I really wish Maya and Shannon would go home. I'm
tempted to take money out of my own savings to help them change their tickets so they can be out of our hair and our home for good. But then, what would Mom do? What would she want?
So after I cooled off, I reconsidered the news that Nick Stark is like my uncle, or sort of, and I got to thinking that it was kind of interesting. So I do a little investigating of Nick Stark online. And it turns out, I was right; he is making a serious comeback in his singing career.
But here's what makes me sort of sad. I just realized how Mom would've gotten such a big kick out of this news.
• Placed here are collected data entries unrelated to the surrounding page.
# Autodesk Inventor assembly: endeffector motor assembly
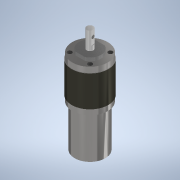
[picture p0: Inventor's stored thumbnail of the model, 180x180]
Saved by Autodesk Inventor 2020 (Build 240168000, 168)
## iProperties
Created: 2020-07-29
Part Number: endeffector motor assembly
Document SubType Name: Assembly
Designer: Vikki
Author: Vikki
## Documents named in this file (3)
- E:\project inventor pro\flipkart grid models\articulated arm\endeffector motor assembly.iam
- C:\Users\Vikki\AppData\Local\Temp\Temp1_end effector motor.zip\end effector motor\motor_body.ipt
- C:\Users\Vikki\AppData\Local\Temp\Temp1_end effector motor.zip\end effector motor\motor shaft.ipt
## Components (2 placed, 2 different names)
1. motor_body:1 — Mate:1, Mate:2
2. motor shaft:1 — Mate:1, Mate:2
## Relationships (2: Mate 2)
- Mate:1: motor_body:1 ↔ motor shaft:1
- Mate:2: motor_body:1 ↔ motor shaft:1
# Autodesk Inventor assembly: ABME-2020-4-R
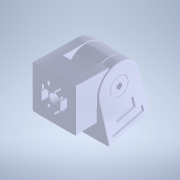
[picture p0: Inventor's stored thumbnail of the model, 180x180]
Saved by Autodesk Inventor 2021.1 (Build 251245010, 245A)
## iProperties
Created: 2018-09-13
Part Number: ABME-2020-4-R
Description: STEP AP214
Document SubType Name: Assembly
Designer: gisen
Sending System: SolidWorks 2018
Preprocessor: SwSTEP 2.0
Title: ABME-2020-4-R.STEP
Revision Number: ANY
## Documents named in this file (5)
- C:\Users\gisen\GitProjects\CAD-Data\GeneralComponentsTemplate\Fittings\BasicFrameMultiEndConnectorR.iam
- C:\Users\gisen\GitProjects\CAD-Data\GeneralComponentsTemplate\Fittings\BasicFrameMultiEndConnectorR\ABME-2020-4-R.ipt
- C:\Users\gisen\GitProjects\CAD-Data\GeneralComponentsTemplate\Fittings\BasicFrameMultiEndConnectorR\ABME-2020-4-R-2.ipt
- C:\Users\gisen\GitProjects\CAD-Data\GeneralComponentsTemplate\Fittings\BasicFrameMultiEndConnectorR\ABME-2020-4-R-1.ipt
- C:\Users\gisen\GitProjects\CAD-Data\GeneralComponentsTemplate\Fittings\BasicFrameMultiEndConnectorR\ABME-2020-4-R-4.ipt
## Components (7 placed, 7 different names)
1. ABME-2020-4-R_1 — メイト:1, メイト:2, フラッシュ:2, メイト:15
2. ABME-2020-4-R_2 — メイト:1, メイト:2, メイト:10, メイト:12
3. ABME-2020-4-R_3
4. ABME-2020-4-R_4 — フラッシュ:1, メイト:3, メイト:10
5. ABME-2020-4-R_5
6. FCS-04_ÃÞÌ«ÙÄ L8_8 — フラッシュ:1, メイト:3, メイト:12
7. FCS-04_ÃÞÌ«ÙÄ L8_9 — フラッシュ:2, メイト:15
## Relationships (8: Mate 6, Flush 2)
- メイト:1 [Mate]: ABME-2020-4-R_1 ↔ ABME-2020-4-R_2
- メイト:2 [Mate]: ABME-2020-4-R_1 ↔ ABME-2020-4-R_2
- フラッシュ:1 [Flush]: ABME-2020-4-R_4 ↔ FCS-04_ÃÞÌ«ÙÄ L8_8
- メイト:3 [Mate]: ABME-2020-4-R_4 ↔ FCS-04_ÃÞÌ«ÙÄ L8_8
- メイト:10 [Mate]: ABME-2020-4-R_2 ↔ ABME-2020-4-R_4
- メイト:12 [Mate]: ABME-2020-4-R_2 ↔ FCS-04_ÃÞÌ«ÙÄ L8_8
- フラッシュ:2 [Flush]: ABME-2020-4-R_1 ↔ FCS-04_ÃÞÌ«ÙÄ L8_9
- メイト:15 [Mate]: ABME-2020-4-R_1 ↔ FCS-04_ÃÞÌ«ÙÄ L8_9
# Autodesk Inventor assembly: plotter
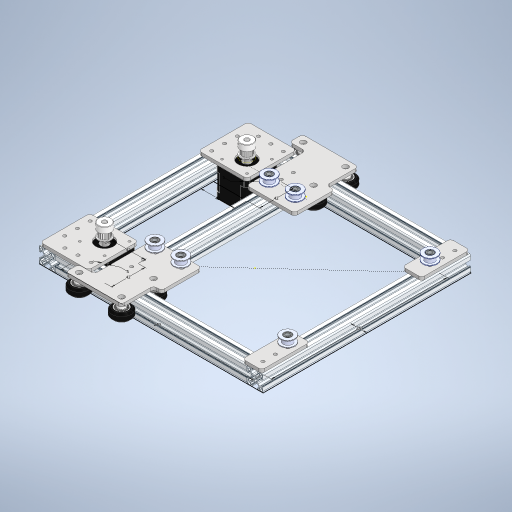
[picture p0: Inventor's stored thumbnail of the model, 512x512]
Saved by Autodesk Inventor 2023.1 (Build 271208000, 208)
## iProperties
Created: 2025-11-24
Part Number: plotter
Document SubType Name: Assembly
Designer: DELL
Author: DELL
## Documents named in this file (18)
- C:\Users\DELL\reposGitHub\VSOSH25-26\models\plotter\plotter.iam
- C:\Users\DELL\reposGitHub\VSOSH25-26\models\plotter\эскиз.ipt
- C:\Users\DELL\reposGitHub\VSOSH25-26\models\import\222LX-Konstruktsionnyy-profil-20kh20L.ipt
- C:\Users\DELL\reposGitHub\VSOSH25-26\models\plotter\профиль2020.ipt
- C:\Users\DELL\reposGitHub\VSOSH25-26\models\import\Schrittmotor-42SHDC3025-24B.ipt
- C:\Users\DELL\reposGitHub\VSOSH25-26\models\plotter\креп_мотора.ipt
- C:\Users\DELL\reposGitHub\VSOSH25-26\models\plotter\креп_мотора_MIR.ipt
- C:\Users\DELL\reposGitHub\VSOSH25-26\models\import\profil.ipt
- C:\Users\DELL\reposGitHub\VSOSH25-26\models\plotter\креп_центр_рейки.ipt
- C:\Users\DELL\reposGitHub\VSOSH25-26\models\import\V-ролик сборка.ipt
- C:\Users\DELL\reposGitHub\VSOSH25-26\models\import\Ролик с резьбой GT2 на моторы.ipt
- C:\Users\DELL\reposGitHub\VSOSH25-26\models\import\Сборка ролик с подшипником.ipt
- C:\Users\DELL\reposGitHub\VSOSH25-26\models\plotter\креп_центр_рейки_MIR1.ipt
- C:\Users\DELL\reposGitHub\VSOSH25-26\models\import\V-ролик сборка_MIR1.ipt
- C:\Users\DELL\reposGitHub\VSOSH25-26\models\plotter\креп. пасс. ролика.ipt
- C:\Users\DELL\reposGitHub\VSOSH25-26\models\import\Ролик с резьбой GT2 на моторы_MIR.ipt
- C:\Users\DELL\reposGitHub\VSOSH25-26\models\import\Сборка ролик с подшипником_MIR1.ipt
- C:\Users\DELL\reposGitHub\VSOSH25-26\models\plotter\креп. пасс. ролика_MIR.ipt
## Components (28 placed, 19 different names)
1. эскиз:1
2. профиль24Левый — Совмещение:10, Заподлицо:2, Совмещение:12, Заподлицо:3, Совмещение:13, Совмещение:15, Совмещение:16, Совмещение:19, Совмещение:23, Совмещение:28, Совмещение:61
3. профиль24правый — Совмещение:1, Заподлицо:1, Совмещение:11, Совмещение:17, Совмещение:18, Совмещение:22, Совмещение:37, Заподлицо:9
4. профиль16Верх:1 — Заподлицо:1, Совмещение:11, Заподлицо:2, Совмещение:12, Совмещение:15, Совмещение:17, Совмещение:20, Заподлицо:5
5. профиь26низ — Заподлицо:3, Совмещение:13, Совмещение:16, Совмещение:18, Заподлицо:4, Совмещение:21, Совмещение:24
6. Schrittmotor-42SHDC3025-24B:1 — Заподлицо:4, Совмещение:21, Совмещение:22, Заподлицо:6, Совмещение:38
7. Schrittmotor-42SHDC3025-24B:2 — Заподлицо:5, Совмещение:23, Совмещение:24
8. креп_мотора:1 — Заподлицо:6
9. креп_мотора_MIR:1
10. profil:1 — Совмещение:25, Совмещение:28, Заподлицо:8
11. креп_центр_рейки:1 — Совмещение:29, Совмещение:30, Совмещение:31, Совмещение:32, Совмещение:33, Совмещение:34, Совмещение:37, Заподлицо:7, Совмещение:40, Совмещение:62, Заподлицо:8, Совмещение:63, Совмещение:64, Совмещение:65
12. V-ролик сборка:1 — Совмещение:29, Совмещение:30
13. V-ролик сборка:2 — Совмещение:31, Совмещение:32
14. V-ролик сборка:3 — Совмещение:33, Совмещение:34
15. Ролик с резьбой GT2 на моторы:1 — Совмещение:38
16. Сборка ролик с подшипником:1 — Совмещение:40, Совмещение:62
17. креп_центр_рейки_MIR1:1 — Совмещение:54, Совмещение:55, Совмещение:56, Совмещение:57, Совмещение:58, Совмещение:59, Совмещение:60, Совмещение:61
18. V-ролик сборка_MIR1:1 — Совмещение:55, Совмещение:56
19. V-ролик сборка_MIR1:2 — Совмещение:57, Совмещение:58
20. V-ролик сборка_MIR1:3 — Совмещение:59, Совмещение:60
21. Сборка ролик с подшипником:2 — Совмещение:63, Совмещение:64, Совмещение:65
22. креп. пасс. ролика:1 — Заподлицо:9, Совмещение:66, Совмещение:67
23. Сборка ролик с подшипником:3 — Совмещение:66, Совмещение:67
24. Ролик с резьбой GT2 на моторы_MIR:1
25. Сборка ролик с подшипником_MIR1:1
26. Сборка ролик с подшипником_MIR1:2
27. креп. пасс. ролика_MIR:1 — Совмещение:68, Совмещение:69
28. Сборка ролик с подшипником_MIR1:3 — Совмещение:68, Совмещение:69
## Relationships (51: Mate 42, Flush 9)
- Совмещение:1 [Mate]: профиль24правый
- Совмещение:10 [Mate]: профиль24Левый
- Заподлицо:1 [Flush]: профиль24правый ↔ профиль16Верх:1
- Совмещение:11 [Mate]: профиль24правый ↔ профиль16Верх:1
- Заподлицо:2 [Flush]: профиль24Левый ↔ профиль16Верх:1
- Совмещение:12 [Mate]: профиль24Левый ↔ профиль16Верх:1
- Заподлицо:3 [Flush]: профиль24Левый ↔ профиь26низ
- Совмещение:13 [Mate]: профиль24Левый ↔ профиь26низ
- Совмещение:15 [Mate]: профиль24Левый ↔ профиль16Верх:1
- Совмещение:16 [Mate]: профиль24Левый ↔ профиь26низ
- Совмещение:17 [Mate]: профиль24правый ↔ профиль16Верх:1
- Совмещение:18 [Mate]: профиль24правый ↔ профиь26низ
- Совмещение:19 [Mate] (110 mm): профиль24Левый
- Совмещение:20 [Mate] (120 mm): профиль16Верх:1
- Заподлицо:4 [Flush]: профиь26низ ↔ Schrittmotor-42SHDC3025-24B:1
- Совмещение:21 [Mate]: профиь26низ ↔ Schrittmotor-42SHDC3025-24B:1
- Совмещение:22 [Mate]: профиль24правый ↔ Schrittmotor-42SHDC3025-24B:1
- Заподлицо:5 [Flush]: профиль16Верх:1 ↔ Schrittmotor-42SHDC3025-24B:2
- Совмещение:23 [Mate]: профиль24Левый ↔ Schrittmotor-42SHDC3025-24B:2
- Совмещение:24 [Mate]: профиь26низ ↔ Schrittmotor-42SHDC3025-24B:2
- Заподлицо:6 [Flush]: Schrittmotor-42SHDC3025-24B:1 ↔ креп_мотора:1
- Совмещение:25 [Mate]: profil:1
- Совмещение:28 [Mate] (10 mm): профиль24Левый ↔ profil:1
- Совмещение:29 [Mate]: креп_центр_рейки:1 ↔ V-ролик сборка:1
- Совмещение:30 [Mate]: креп_центр_рейки:1 ↔ V-ролик сборка:1
- Совмещение:31 [Mate]: креп_центр_рейки:1 ↔ V-ролик сборка:2
- Совмещение:32 [Mate]: креп_центр_рейки:1 ↔ V-ролик сборка:2
- Совмещение:33 [Mate]: креп_центр_рейки:1 ↔ V-ролик сборка:3
- Совмещение:34 [Mate]: креп_центр_рейки:1 ↔ V-ролик сборка:3
- Совмещение:37 [Mate] (2 mm): профиль24правый ↔ креп_центр_рейки:1
- Заподлицо:7 [Flush] (-58.5 mm): креп_центр_рейки:1
- Совмещение:38 [Mate]: Schrittmotor-42SHDC3025-24B:1 ↔ Ролик с резьбой GT2 на моторы:1
- Совмещение:40 [Mate] (5 mm): креп_центр_рейки:1 ↔ Сборка ролик с подшипником:1
- Совмещение:54 [Mate] (58.5 mm): креп_центр_рейки_MIR1:1
- Совмещение:55 [Mate]: креп_центр_рейки_MIR1:1 ↔ V-ролик сборка_MIR1:1
- Совмещение:56 [Mate]: креп_центр_рейки_MIR1:1 ↔ V-ролик сборка_MIR1:1
- Совмещение:57 [Mate]: креп_центр_рейки_MIR1:1 ↔ V-ролик сборка_MIR1:2
- Совмещение:58 [Mate]: креп_центр_рейки_MIR1:1 ↔ V-ролик сборка_MIR1:2
- Совмещение:59 [Mate]: креп_центр_рейки_MIR1:1 ↔ V-ролик сборка_MIR1:3
- Совмещение:60 [Mate]: креп_центр_рейки_MIR1:1 ↔ V-ролик сборка_MIR1:3
- Совмещение:61 [Mate] (2 mm): профиль24Левый ↔ креп_центр_рейки_MIR1:1
- Совмещение:62 [Mate]: креп_центр_рейки:1 ↔ Сборка ролик с подшипником:1
- Заподлицо:8 [Flush] (5.5 mm): profil:1 ↔ креп_центр_рейки:1
- Совмещение:63 [Mate]: креп_центр_рейки:1 ↔ Сборка ролик с подшипником:2
- Совмещение:64 [Mate] (5 mm): креп_центр_рейки:1 ↔ Сборка ролик с подшипником:2
- Совмещение:65 [Mate]: креп_центр_рейки:1 ↔ Сборка ролик с подшипником:2
- Заподлицо:9 [Flush]: профиль24правый ↔ креп. пасс. ролика:1
- Совмещение:66 [Mate] (5 mm): креп. пасс. ролика:1 ↔ Сборка ролик с подшипником:3
- Совмещение:67 [Mate]: креп. пасс. ролика:1 ↔ Сборка ролик с подшипником:3
- Совмещение:68 [Mate]: креп. пасс. ролика_MIR:1 ↔ Сборка ролик с подшипником_MIR1:3
- Совмещение:69 [Mate] (5 mm): креп. пасс. ролика_MIR:1 ↔ Сборка ролик с подшипником_MIR1:3

It's just the kind ofthing she would've called up a good friend and enjoyed a good chat over. I wouldn't even be surprised if my parents have some old Nick Stark records stashed away someplace. But then she's not here to have fun with it. She never even had the chance to find out about her famous “relative.”
On second thought, she might not have liked all the family feuding that comes with getting to know our “extended” family. And she'd probably feel sad to learn that Shannon is so bitter about her ex and that she and Maya are always at such odds.
Still, I think she would've gotten a kick out of a famous brother-in-law. Even if he is an ex. But maybe she's well aware of all this by now. I mean, wouldn't God let her in on all these sorts of interesting developments up in heaven? Or maybe no one cares about stuff like that up there. Who knows? It's too much for my little brain to think about. Especially at 3:14 A.M.